As soon as possible, a QCA kit will be available for network copy to all HISCALE sites so that its use can begin immediately in analysis. Further, it is our intention to run UAF files for all HISCALE data from turn-on to the present. It is our goal to ship the results of this production in the form of 8 mm tapes of .UAF files for the entire period from turn-on up to the July 1993 shipment by the end of August 1993. The compute time for a 32 day period on our VAX STATION 4000/90 is about 2.5 hours on a dedicated machine. It will take a few weeks, therefore, to catch up.
Memo To: HISCALE Team
From: Tom Armstrong, Dennis Haggerty
Subject: Artifact in UAF data
The hourly and daily quality controlled averaged (QCA) rate files that we have shipped appear to have an error affecting the low count rates on a few channels. The good news is that this discovery explains the small periodic "square wave" that had appeared in some channels (P1' was the most conspicuous) and that we had feared might be due to instrumental effects aboard the spacecraft. From what we have done thus far to characterize and fix this problem, we see this effect only in the filtered averages. By comparing the unfiltered and filtered data plots, which often have different plot scales because of the presence of spurious high rates in the unfiltered data, we have initially attributed the lack of conspicuous effect in the unfiltered data to the much more compressed plotting scale. It turns out, however, that the periodic square wave is genuinely absent from the unfiltered data. The good news is that the instrument does not have a problem!!! The bad news is that the filtering process is doing something to the data that is very, very, subtle and that, while we are certain to be able to fix it, we will need to regenerate all of the hourly and daily filtered data from launch to the present. Fortunately, that only requires a week or so to accomplish--once we have tracked down this problem.
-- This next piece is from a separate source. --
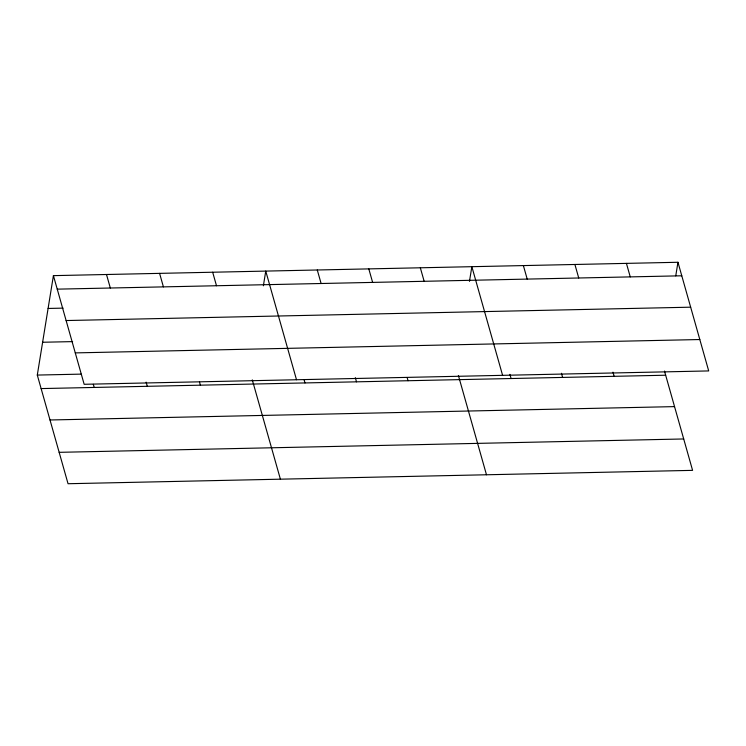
<?xml version="1.0" encoding="UTF-8"?>
<svg xmlns="http://www.w3.org/2000/svg" width="746" height="746" viewBox="0 0 746 746"><rect width="100%" height="100%" fill="white"/><g stroke="black" fill="none" stroke-linecap="round" stroke-linejoin="round"><path stroke-width="1.12" d="M664.49 371.06L692.586 470.362L68.045 483.725L37.3 375.07L53.414 275.638L677.955 262.275L708.7 370.93L84.158 384.293L53.414 275.638M263.375 285.802L265.753 271.096L296.507 379.751M469.467 281.391L471.854 266.686L502.599 375.341M675.755 275.852L677.955 262.275M57.237 289.15L681.779 275.787M48.098 308.452L63.102 308.126M66.124 320.547L690.665 307.184M42.615 342.255L72.623 341.612M75.271 352.895L699.813 339.533M37.3 375.07L81.155 374.128M41.123 388.582L665.665 375.219M50.01 419.979L674.552 406.617M59.158 452.328L683.7 438.965M626.426 263.375L630.249 276.887M612.96 372.17L614.144 376.329M574.905 264.476L578.728 277.997M561.44 373.27L562.615 377.429M523.384 265.585L527.208 279.097M509.91 374.371L511.094 378.53M458.389 375.471L486.485 474.773M420.334 267.786L424.157 281.298M407.157 377.616L408.043 380.73M368.804 268.886L372.627 282.398M355.338 377.681L356.513 381.84M317.283 269.987L321.106 283.508M304.107 379.817L304.993 382.94M252.288 379.882L280.393 479.184M212.675 272.225L216.499 285.746M199.499 382.055L200.385 385.178M159.588 273.362L163.411 286.874M146.123 382.157L147.298 386.307M106.501 274.5L110.324 288.012M93.325 384.33L94.21 387.444"/></g></svg>

In case you are mystified by the above paragraph and haven't noticed the problem in your data plots, the effect is really small. It ranges from 0.1 c/sec downward to 0.005 c/sec. It is related to the spacecraft telemetry rate. Most likely it has to do with the way in which the filtered averages are weighted. It probably does not have to do with the criteria for excluding data because the effect is present even when the data quality is good and there is no noise. Dennis and I will find and fix this problem and report further on it.
Revisions as of August 4, 1993
1) The formulation of DR has been changed. Testing of the procedure has shown the greatest accuracy can be attained by using an interval DR = 10.0 * (R75% - R50%). The factor of 10.0 in the formulation is a weight parameter, determined by testing a large sample of data. This factor gave sufficient data filtering while allowing for very small events to be accurately averaged.
2) The rate blocks and the sectored timing blocks of the UAFyyddd.LAN files are in good agreement with those of the UAVyyddd.LAN files. The duty cycles of the UAFyyddd.LAN will be equal to or slightly smaller than the duty cycles contained in the UAVyyddd.LAN files. The product of the sectored timing block and the duty cycle will reflect the correct instrument 'on time', after filtering has occurred.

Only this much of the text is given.